Records provided:
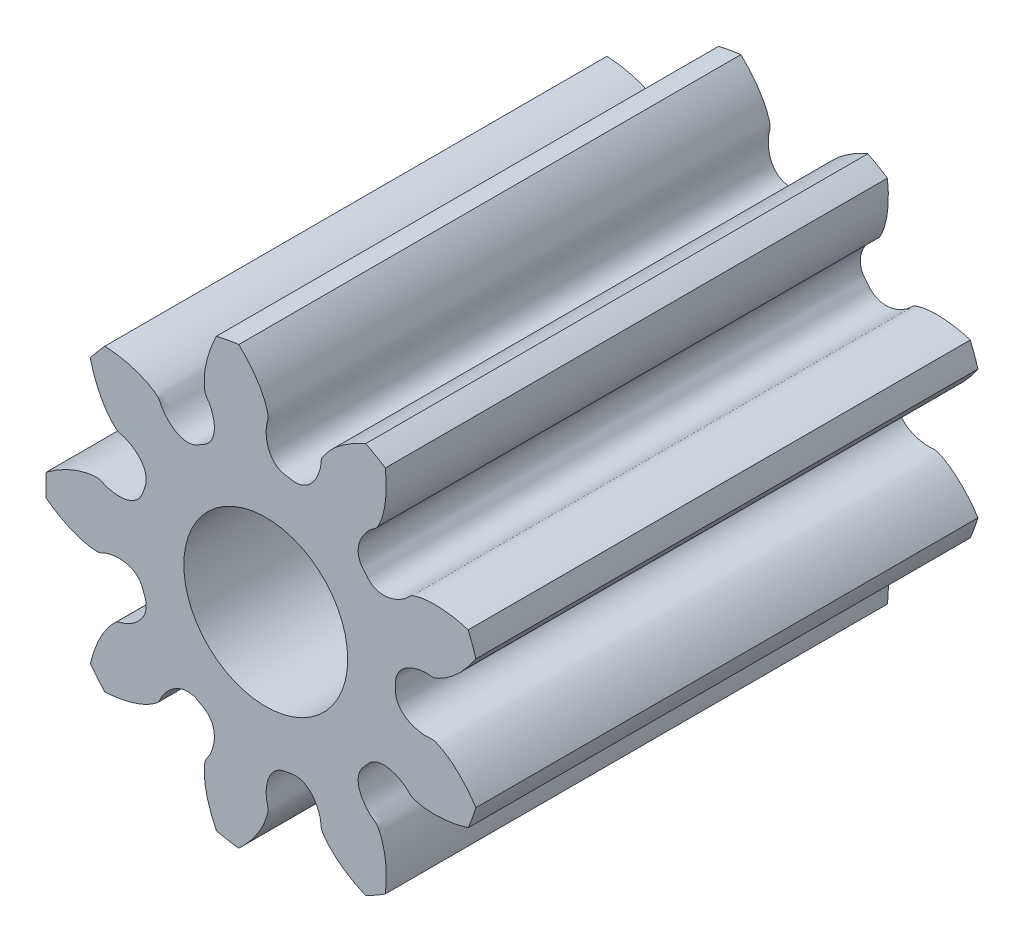
SolidWorks part; units mm, degrees
ref_plane "Front Plane" through (0, 0, 0) normal (0, 0, 1) x (1, 0, 0)
ref_plane "Top Plane" through (0, 0, 0) normal (0, 1, 0) x (1, 0, 0)
ref_plane "Right Plane" through (0, 0, 0) normal (1, 0, 0) x (0, 0, -1)
ref_axis "Axis1" through (0, 0, 55) along (0, 0, -1)
sketch "SketchRevolveSpurPinion" plane through (0, 0, 0) normal (1, 0, 0) x (0, 0, -1)
  line L0 (0, 0) -> (1, 0) construction
  line L1 (-1.225, 0) -> (-1.225, 1.0725)
  line L2 (-1.225, 1.0725) -> (1.225, 1.0725)
  line L3 (1.225, 1.0725) -> (1.225, 0)
  line L4 (1.225, 0) -> (-1.225, 0)
  dimension "Side1" = 1.225
  dimension "OutsideRadius" = 1.0725
  dimension "Side2" = 1.225
revolve "SpurPinion" add sketch "SketchRevolveSpurPinion" angle 360 about L0
sketch "SketchToothSpurPinion" plane through (0, 0, 0) normal (0, 0, 1) x (1, 0, 0)
  arc A0 (1.0322, 0.3252) -> (1.0322, -0.3252) centre (0, 0) cw
  spline S0 degree 3 poles (1.0322, -0.3252) (1.0222, -0.3092) (1.0066, -0.2864) (0.9845, -0.2583) (0.9685, -0.2397) (0.9527, -0.2228) (0.9373, -0.2077) (0.9224, -0.1942) (0.908, -0.1823) (0.8944, -0.1719) (0.8815, -0.163) (0.8696, -0.1555) (0.8586, -0.1491) (0.8487, -0.144) (0.8368, -0.1385) (0.8143, -0.1282) (0.7894, -0.135) (0.7688, -0.1328) (0.76, -0.1318) (0.7514, -0.1305) (0.743, -0.1288) (0.7348, -0.1269) (0.7269, -0.1247) (0.7191, -0.1222) (0.7115, -0.1194) (0.7042, -0.1163) (0.6971, -0.1128) (0.6902, -0.109) (0.6835, -0.1049) (0.6771, -0.1004) (0.671, -0.0955) (0.6651, -0.0902) (0.6595, -0.0845) (0.6543, -0.0783) (0.6496, -0.0717) (0.6452, -0.0646) (0.6415, -0.057) (0.6383, -0.0489) (0.6359, -0.0405) (0.6343, -0.0317) (0.6336, -0.0238) (0.6334, -0.0132) (0.634, 0) (0.6334, 0.0132) (0.6336, 0.0238) (0.6343, 0.0317) (0.6359, 0.0405) (0.6383, 0.0489) (0.6415, 0.057) (0.6452, 0.0646) (0.6496, 0.0717) (0.6543, 0.0783) (0.6595, 0.0845) (0.6651, 0.0902) (0.671, 0.0955) (0.6771, 0.1004) (0.6835, 0.1049) (0.6902, 0.109) (0.6971, 0.1128) (0.7042, 0.1163) (0.7115, 0.1194) (0.7191, 0.1222) (0.7269, 0.1247) (0.7348, 0.1269) (0.743, 0.1288) (0.7514, 0.1305) (0.76, 0.1318) (0.7688, 0.1328) (0.7894, 0.135) (0.8143, 0.1282) (0.8368, 0.1385) (0.8487, 0.144) (0.8586, 0.1491) (0.8696, 0.1555) (0.8815, 0.163) (0.8944, 0.1719) (0.908, 0.1823) (0.9224, 0.1942) (0.9373, 0.2077) (0.9527, 0.2228) (0.9685, 0.2397) (0.9845, 0.2583) (1.0066, 0.2864) (1.0222, 0.3092) (1.0322, 0.3252) knots 0 0 0 0 0.050891 0.074328 0.096425 0.117184 0.136602 0.154682 0.171423 0.186824 0.200886 0.213609 0.224992 0.235037 0.243742 0.260393 0.300254 0.308376 0.316344 0.324165 0.331849 0.339404 0.346842 0.354175 0.361415 0.368578 0.375679 0.382737 0.389771 0.396802 0.403852 0.410943 0.418101 0.425345 0.432698 0.440175 0.447788 0.455539 0.463422 0.471421 0.479511 0.484758 0.5 0.515242 0.520489 0.528579 0.536578 0.544461 0.552212 0.559825 0.567302 0.574655 0.581899 0.589057 0.596148 0.603198 0.610229 0.617263 0.624321 0.631422 0.638585 0.645825 0.653158 0.660596 0.668151 0.675835 0.683656 0.691624 0.699746 0.739607 0.756258 0.764963 0.775008 0.786391 0.799114 0.813176 0.828577 0.845318 0.863398 0.882816 0.903575 0.925672 0.949109 1 1 1 1
extrude "ToothExtrudeCutSpurPinion" cut sketch "SketchToothSpurPinion" against normal blind 9.525 and the other way blind 9.525
pattern_circular "PatternSpurPinion" count 9 every 40 about axis through (0, 0, 55) along (0, 0, -1) of "ToothExtrudeCutSpurPinion"
sketch "BoreRevolveSketch" plane through (0, 0, 0) normal (1, 0, 0) x (0, 0, -1)
  line L0 (0, 0) -> (1, 0) construction
  line L1 (-9.525, 0) -> (9.525, 0)
  line L2 (9.525, 0) -> (9.525, 6.35)
  line L3 (9.525, 6.35) -> (-9.525, 6.35)
  line L4 (-9.525, 6.35) -> (-9.525, 0)
  dimension "BoreSide1" = 9.525
  dimension "TaperSide1" = 6.35
  dimension "BoreSide2" = 9.525
  dimension "TaperSide2" = 6.35
sketch "AuxiliarySketchSpurPinion" plane through (0, 0, 0) normal (0, 0, 1) x (1, 0, 0)
  circle A0 centre (0, 0) radius 0.8775 construction
  circle A1 centre (0, 0) radius 0.8246 construction
  circle A2 centre (0, 0) radius 0.8775 construction
  circle A3 centre (0, 0) radius 1.0725 construction
  circle A4 centre (0, 0) radius 0.6337 construction
  dimension "PitchDiameter" = 1.755
  dimension "BaseDiameter" = 1.6492
  dimension "FormDiameter" = 1.7549
  dimension "MajorDiameter" = 2.145
  dimension "MinorDiameter" = 1.2675
sketch "Sketch5" plane through (0, 0, 1.225) normal (0, 0, 1) x (1, 0, 0)
  circle A0 centre (0, 0) radius 0.4
  dimension "D1" = 0.8
extrude "Cut-Extrude2" cut sketch "Sketch5" against normal blind 10

Activity:
Lines containing the word "centre" in the entries above should be counted, and only that number given.

Solved exercise:
7